Input material section start

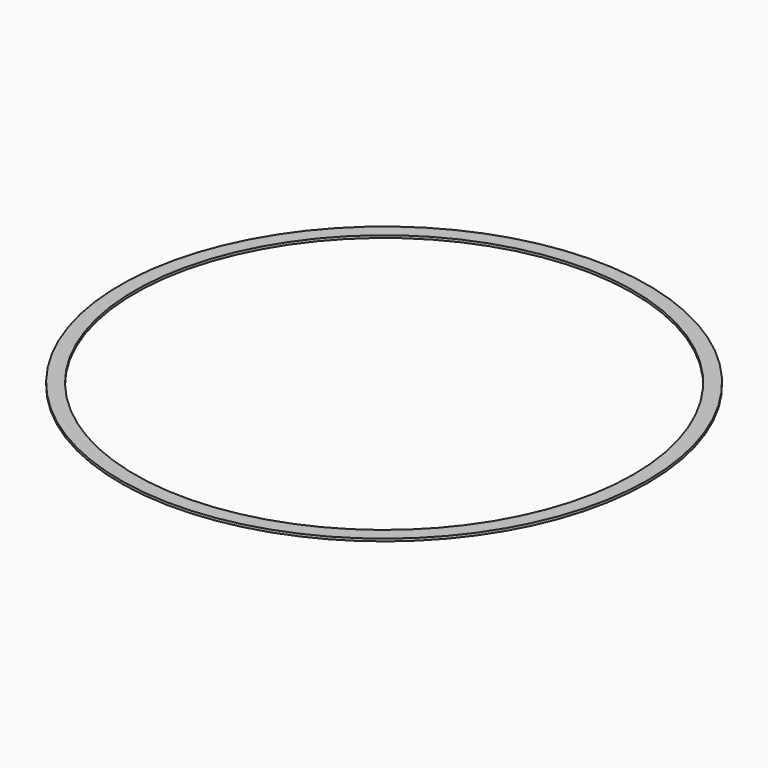
from build123d import *

# Parameters (mm, degrees)
F0_R     = 454.60539
F0_R_2   = 429.20539
F1_DEPTH = 4.2333333333


# Not quite as in the source:
# - a length typed as a fraction of an inch, garbled in the dataset ("3 / 203.2 mm" for 3/8 in), is restored


with BuildPart() as f1:
    # F0 (on Top) → F1 (new body)
    with BuildSketch(Plane.XY):
        Circle(F0_R)
        Circle(F0_R_2, mode=Mode.SUBTRACT)
    extrude(amount=F1_DEPTH)


solid = f1.part
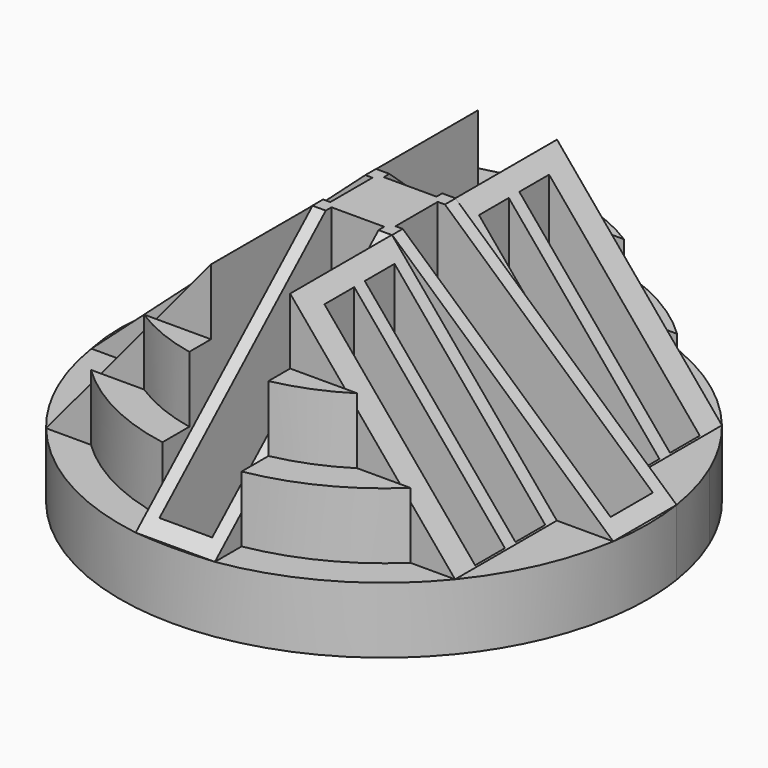
from build123d import *
from build123d import SkipClean  # not in build123d's __all__

# Parameters (mm, degrees)
F2_DEPTH  = 12.7
F3_DEPTH  = 25.4
F4_DEPTH  = 38.1
F5_DEPTH  = 50.8
F6_DEPTH  = 50.8
F7_DEPTH  = 50.8
F11_DEPTH = 15.24
F12_DEPTH = 15.24
F13_DEPTH = 15.24
F15_DEPTH = 15.24
F16_W     = 41.402
F16_H     = 10.16
F16_W_2   = 10.16
F16_H_2   = 41.402
F17_DEPTH = 44.45
F18_DEPTH = 50.8
F21_DEPTH = 24.4856
F19_W     = 29.0068
F19_H     = 7.1628
F22_DEPTH = 44.45
F24_DEPTH = 24.4856
F26_DEPTH = 24.4856
F28_DEPTH = 24.4856


# Not quite as in the source:
# - a feature names something its author has since deleted; it is built from what else it names


with BuildPart() as f2:
    # F1 (on Top) → F2 (new body)
    with BuildSketch(Plane.XY):
        with BuildLine():
            Line((-7.62, 43.7919867099), (-7.62, 50.2252486305))
            ThreePointArc((-7.62, 50.2252486305), (-25.1805025773, 44.1200894146), (-39.3683940318, 32.1056))
            Line((-39.3683940318, 32.1056), (-30.7413882029, 32.1056))
            ThreePointArc((-30.7413882029, 32.1056), (-20.0509833873, 39.670651182), (-7.62, 43.7919867099))
        make_face()
        with BuildLine():
            Line((-30.7413882029, 32.1056), (-39.3683940318, 32.1056))
            ThreePointArc((-39.3683940318, 32.1056), (-43.4950311771, 26.2454236564), (-46.7558464383, 19.8628))
            Line((-46.7558464383, 19.8628), (-39.7652068542, 19.8628))
            ThreePointArc((-39.7652068542, 19.8628), (-35.7808122406, 26.3730160468), (-30.7413882029, 32.1056))
        make_face()
        with BuildLine():
            Line((-39.7652068542, 19.8628), (-46.7558464383, 19.8628))
            ThreePointArc((-46.7558464383, 19.8628), (-48.8754001329, 13.850460709), (-50.2252486305, 7.62))
            Line((-50.2252486305, 7.62), (-43.7919867099, 7.62))
            ThreePointArc((-43.7919867099, 7.62), (-42.2246691762, 13.8881176896), (-39.7652068542, 19.8628))
        make_face()
        with BuildLine():
            Line((-43.7919867099, 7.62), (-50.2252486305, 7.62))
            ThreePointArc((-50.2252486305, 7.62), (-50.8, 0), (-50.2252486305, -7.62))
            Line((-50.2252486305, -7.62), (-43.7919867099, -7.62))
            ThreePointArc((-43.7919867099, -7.62), (-44.45, 0), (-43.7919867099, 7.62))
        make_face()
        with BuildLine():
            ThreePointArc((-50.2252486305, -7.62), (-48.8754001329, -13.850460709), (-46.7558464383, -19.8628))
            Line((-46.7558464383, -19.8628), (-39.7652068542, -19.8628))
            ThreePointArc((-39.7652068542, -19.8628), (-42.2246691762, -13.8881176896), (-43.7919867099, -7.62))
            Line((-43.7919867099, -7.62), (-50.2252486305, -7.62))
        make_face()
        with BuildLine():
            ThreePointArc((-46.7558464383, -19.8628), (-43.4950311771, -26.2454236564), (-39.3683940318, -32.1056))
            Line((-39.3683940318, -32.1056), (-30.7413882029, -32.1056))
            ThreePointArc((-30.7413882029, -32.1056), (-35.7808122406, -26.3730160468), (-39.7652068542, -19.8628))
            Line((-39.7652068542, -19.8628), (-46.7558464383, -19.8628))
        make_face()
        with BuildLine():
            ThreePointArc((-39.3683940318, -32.1056), (-25.1805025773, -44.1200894146), (-7.62, -50.2252486305))
            Line((-7.62, -50.2252486305), (-7.62, -43.7919867099))
            ThreePointArc((-7.62, -43.7919867099), (-20.0509833873, -39.670651182), (-30.7413882029, -32.1056))
            Line((-30.7413882029, -32.1056), (-39.3683940318, -32.1056))
        make_face()
        with BuildLine():
            Line((7.62, 43.7919867099), (7.62, 50.2252486305))
            ThreePointArc((7.62, 50.2252486305), (0, 50.8), (-7.62, 50.2252486305))
            Line((-7.62, 50.2252486305), (-7.62, 43.7919867099))
            ThreePointArc((-7.62, 43.7919867099), (0, 44.45), (7.62, 43.7919867099))
        make_face()
        with BuildLine():
            ThreePointArc((7.62, -50.2252486305), (25.1805025773, -44.1200894146), (39.3683940318, -32.1056))
            Line((39.3683940318, -32.1056), (30.7413882029, -32.1056))
            ThreePointArc((30.7413882029, -32.1056), (20.0509833873, -39.670651182), (7.62, -43.7919867099))
            Line((7.62, -43.7919867099), (7.62, -50.2252486305))
        make_face()
        with BuildLine():
            ThreePointArc((39.3683940318, -32.1056), (43.4950311771, -26.2454236564), (46.7558464383, -19.8628))
            Line((46.7558464383, -19.8628), (39.7652068542, -19.8628))
            ThreePointArc((39.7652068542, -19.8628), (35.7808122406, -26.3730160468), (30.7413882029, -32.1056))
            Line((30.7413882029, -32.1056), (39.3683940318, -32.1056))
        make_face()
        with BuildLine():
            ThreePointArc((46.7558464383, -19.8628), (48.8754001329, -13.850460709), (50.2252486305, -7.62))
            Line((50.2252486305, -7.62), (43.7919867099, -7.62))
            ThreePointArc((43.7919867099, -7.62), (42.2246691762, -13.8881176896), (39.7652068542, -19.8628))
            Line((39.7652068542, -19.8628), (46.7558464383, -19.8628))
        make_face()
        with BuildLine():
            ThreePointArc((50.2252486305, -7.62), (50.6561083702, -3.8208225272), (50.8, 0))
            ThreePointArc((50.8, 0), (50.6561083702, 3.8208225272), (50.2252486305, 7.62))
            Line((50.2252486305, 7.62), (43.7919867099, 7.62))
            ThreePointArc((43.7919867099, 7.62), (44.45, 0), (43.7919867099, -7.62))
            Line((43.7919867099, -7.62), (50.2252486305, -7.62))
        make_face()
        with BuildLine():
            Line((43.7919867099, 7.62), (50.2252486305, 7.62))
            ThreePointArc((50.2252486305, 7.62), (48.8754001329, 13.850460709), (46.7558464383, 19.8628))
            Line((46.7558464383, 19.8628), (39.7652068542, 19.8628))
            ThreePointArc((39.7652068542, 19.8628), (42.2246691762, 13.8881176896), (43.7919867099, 7.62))
        make_face()
        with BuildLine():
            Line((39.7652068542, 19.8628), (46.7558464383, 19.8628))
            ThreePointArc((46.7558464383, 19.8628), (43.4950311771, 26.2454236564), (39.3683940318, 32.1056))
            Line((39.3683940318, 32.1056), (30.7413882029, 32.1056))
            ThreePointArc((30.7413882029, 32.1056), (35.7808122406, 26.3730160468), (39.7652068542, 19.8628))
        make_face()
        with BuildLine():
            Line((30.7413882029, 32.1056), (39.3683940318, 32.1056))
            ThreePointArc((39.3683940318, 32.1056), (25.1805025773, 44.1200894146), (7.62, 50.2252486305))
            Line((7.62, 50.2252486305), (7.62, 43.7919867099))
            ThreePointArc((7.62, 43.7919867099), (20.0509833873, 39.670651182), (30.7413882029, 32.1056))
        make_face()
        with BuildLine():
            ThreePointArc((-7.62, -50.2252486305), (0, -50.8), (7.62, -50.2252486305))
            Line((7.62, -50.2252486305), (7.62, -43.7919867099))
            ThreePointArc((7.62, -43.7919867099), (0, -44.45), (-7.62, -43.7919867099))
            Line((-7.62, -43.7919867099), (-7.62, -50.2252486305))
        make_face()
    extrude(amount=F2_DEPTH)

    # F1 (on Top) → F3 (join)
    with BuildSketch(Plane.XY):
        with BuildLine():
            ThreePointArc((7.62, -43.7919867099), (20.0509833873, -39.670651182), (30.7413882029, -32.1056))
            Line((30.7413882029, -32.1056), (20.5143961315, -32.1056))
            ThreePointArc((20.5143961315, -32.1056), (14.3076984372, -35.3114679025), (7.62, -37.33022368))
            Line((7.62, -37.33022368), (7.62, -43.7919867099))
        make_face()
        with BuildLine():
            ThreePointArc((30.7413882029, -32.1056), (35.7808122406, -26.3730160468), (39.7652068542, -19.8628))
            Line((39.7652068542, -19.8628), (32.5127540538, -19.8628))
            ThreePointArc((32.5127540538, -19.8628), (27.2110492659, -26.667748271), (20.5143961315, -32.1056))
            Line((20.5143961315, -32.1056), (30.7413882029, -32.1056))
        make_face()
        with BuildLine():
            ThreePointArc((39.7652068542, -19.8628), (42.2246691762, -13.8881176896), (43.7919867099, -7.62))
            Line((43.7919867099, -7.62), (37.33022368, -7.62))
            ThreePointArc((37.33022368, -7.62), (35.4539408619, -13.9509167211), (32.5127540538, -19.8628))
            Line((32.5127540538, -19.8628), (39.7652068542, -19.8628))
        make_face()
        with BuildLine():
            ThreePointArc((43.7919867099, -7.62), (44.45, 0), (43.7919867099, 7.62))
            Line((43.7919867099, 7.62), (37.33022368, 7.62))
            ThreePointArc((37.33022368, 7.62), (38.1, 0), (37.33022368, -7.62))
            Line((37.33022368, -7.62), (43.7919867099, -7.62))
        make_face()
        with BuildLine():
            Line((37.33022368, 7.62), (43.7919867099, 7.62))
            ThreePointArc((43.7919867099, 7.62), (42.2246691762, 13.8881176896), (39.7652068542, 19.8628))
            Line((39.7652068542, 19.8628), (32.5127540538, 19.8628))
            ThreePointArc((32.5127540538, 19.8628), (35.4539408619, 13.9509167211), (37.33022368, 7.62))
        make_face()
        with BuildLine():
            Line((32.5127540538, 19.8628), (39.7652068542, 19.8628))
            ThreePointArc((39.7652068542, 19.8628), (35.7808122406, 26.3730160468), (30.7413882029, 32.1056))
            Line((30.7413882029, 32.1056), (20.5143961315, 32.1056))
            ThreePointArc((20.5143961315, 32.1056), (27.2110492659, 26.667748271), (32.5127540538, 19.8628))
        make_face()
        with BuildLine():
            Line((20.5143961315, 32.1056), (30.7413882029, 32.1056))
            ThreePointArc((30.7413882029, 32.1056), (20.0509833873, 39.670651182), (7.62, 43.7919867099))
            Line((7.62, 43.7919867099), (7.62, 37.33022368))
            ThreePointArc((7.62, 37.33022368), (14.3076984372, 35.3114679025), (20.5143961315, 32.1056))
        make_face()
        with BuildLine():
            Line((7.62, 37.33022368), (7.62, 43.7919867099))
            ThreePointArc((7.62, 43.7919867099), (0, 44.45), (-7.62, 43.7919867099))
            Line((-7.62, 43.7919867099), (-7.62, 37.33022368))
            ThreePointArc((-7.62, 37.33022368), (0, 38.1), (7.62, 37.33022368))
        make_face()
        with BuildLine():
            ThreePointArc((-7.62, -43.7919867099), (0, -44.45), (7.62, -43.7919867099))
            Line((7.62, -43.7919867099), (7.62, -37.33022368))
            ThreePointArc((7.62, -37.33022368), (0, -38.1), (-7.62, -37.33022368))
            Line((-7.62, -37.33022368), (-7.62, -43.7919867099))
        make_face()
        with BuildLine():
            Line((-37.33022368, 7.62), (-43.7919867099, 7.62))
            ThreePointArc((-43.7919867099, 7.62), (-44.45, 0), (-43.7919867099, -7.62))
            Line((-43.7919867099, -7.62), (-37.33022368, -7.62))
            ThreePointArc((-37.33022368, -7.62), (-38.1, 0), (-37.33022368, 7.62))
        make_face()
        with BuildLine():
            ThreePointArc((-43.7919867099, -7.62), (-42.2246691762, -13.8881176896), (-39.7652068542, -19.8628))
            Line((-39.7652068542, -19.8628), (-32.5127540538, -19.8628))
            ThreePointArc((-32.5127540538, -19.8628), (-35.4539408619, -13.9509167211), (-37.33022368, -7.62))
            Line((-37.33022368, -7.62), (-43.7919867099, -7.62))
        make_face()
        with BuildLine():
            ThreePointArc((-39.7652068542, -19.8628), (-35.7808122406, -26.3730160468), (-30.7413882029, -32.1056))
            Line((-30.7413882029, -32.1056), (-20.5143961315, -32.1056))
            ThreePointArc((-20.5143961315, -32.1056), (-27.2110492659, -26.667748271), (-32.5127540538, -19.8628))
            Line((-32.5127540538, -19.8628), (-39.7652068542, -19.8628))
        make_face()
        with BuildLine():
            ThreePointArc((-30.7413882029, -32.1056), (-20.0509833873, -39.670651182), (-7.62, -43.7919867099))
            Line((-7.62, -43.7919867099), (-7.62, -37.33022368))
            ThreePointArc((-7.62, -37.33022368), (-14.2009349705, -35.3545392554), (-20.32, -32.2289869527))
            ThreePointArc((-20.32, -32.2289869527), (-20.4172912734, -32.1674403249), (-20.5143961315, -32.1056))
            Line((-20.5143961315, -32.1056), (-30.7413882029, -32.1056))
        make_face()
        with BuildLine():
            Line((-32.5127540538, 19.8628), (-39.7652068542, 19.8628))
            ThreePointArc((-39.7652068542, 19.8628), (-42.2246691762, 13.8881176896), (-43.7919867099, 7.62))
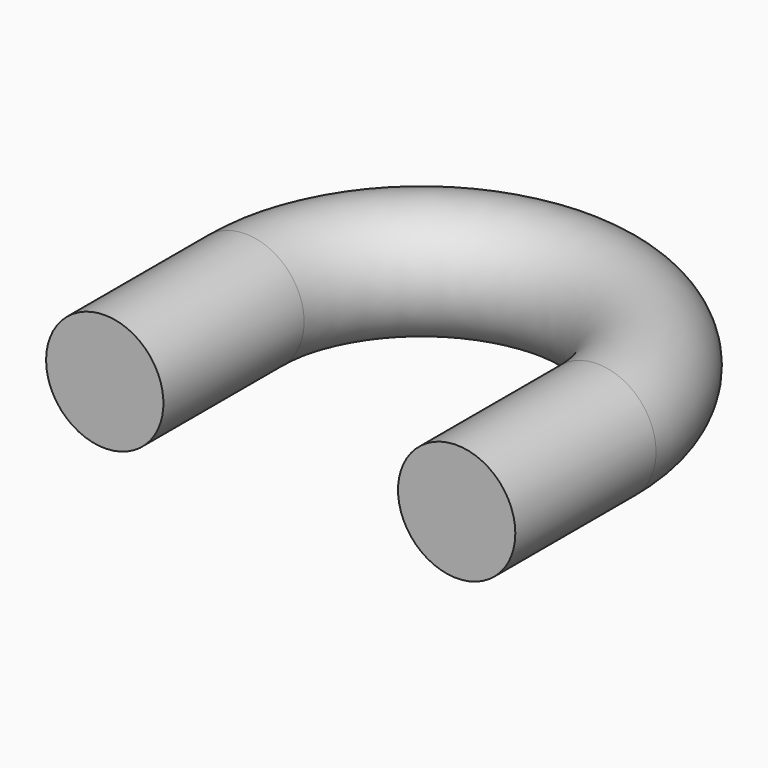
from build123d import *

# Parameters (mm, degrees)
F1_R = 12.7


with BuildPart() as f2:
    # F2: sweep along a path in F0
    with BuildLine(Plane.XY) as f2_path:
        Line((38.1, 0), (38.1, 38.1))
        ThreePointArc((38.1, 38.1), (0, 76.2), (-38.1, 38.1))
        Line((-38.1, 38.1), (-38.1, 0))
    # F1 (on Front) → F2 (sweep)
    with BuildSketch(Plane.XZ):
        with Locations((38.1, 0)):
            Circle(F1_R)
    sweep(path=f2_path.line)


solid = f2.part

Input material section end

Exercise objective: Your answer should be the lines of the listing above between the line holding "Line((39.7652068542, 19.8628), (46.7558464383, 19.8628))" and the line holding "Line((30.7413882029, 32.1056), (39.3683940318, 32.1056))", inclusive, restated word for word and alone.

Solution to the problem:
            Line((39.7652068542, 19.8628), (46.7558464383, 19.8628))
            ThreePointArc((46.7558464383, 19.8628), (43.4950311771, 26.2454236564), (39.3683940318, 32.1056))
            Line((39.3683940318, 32.1056), (30.7413882029, 32.1056))
            ThreePointArc((30.7413882029, 32.1056), (35.7808122406, 26.3730160468), (39.7652068542, 19.8628))
        make_face()
        with BuildLine():
            Line((30.7413882029, 32.1056), (39.3683940318, 32.1056))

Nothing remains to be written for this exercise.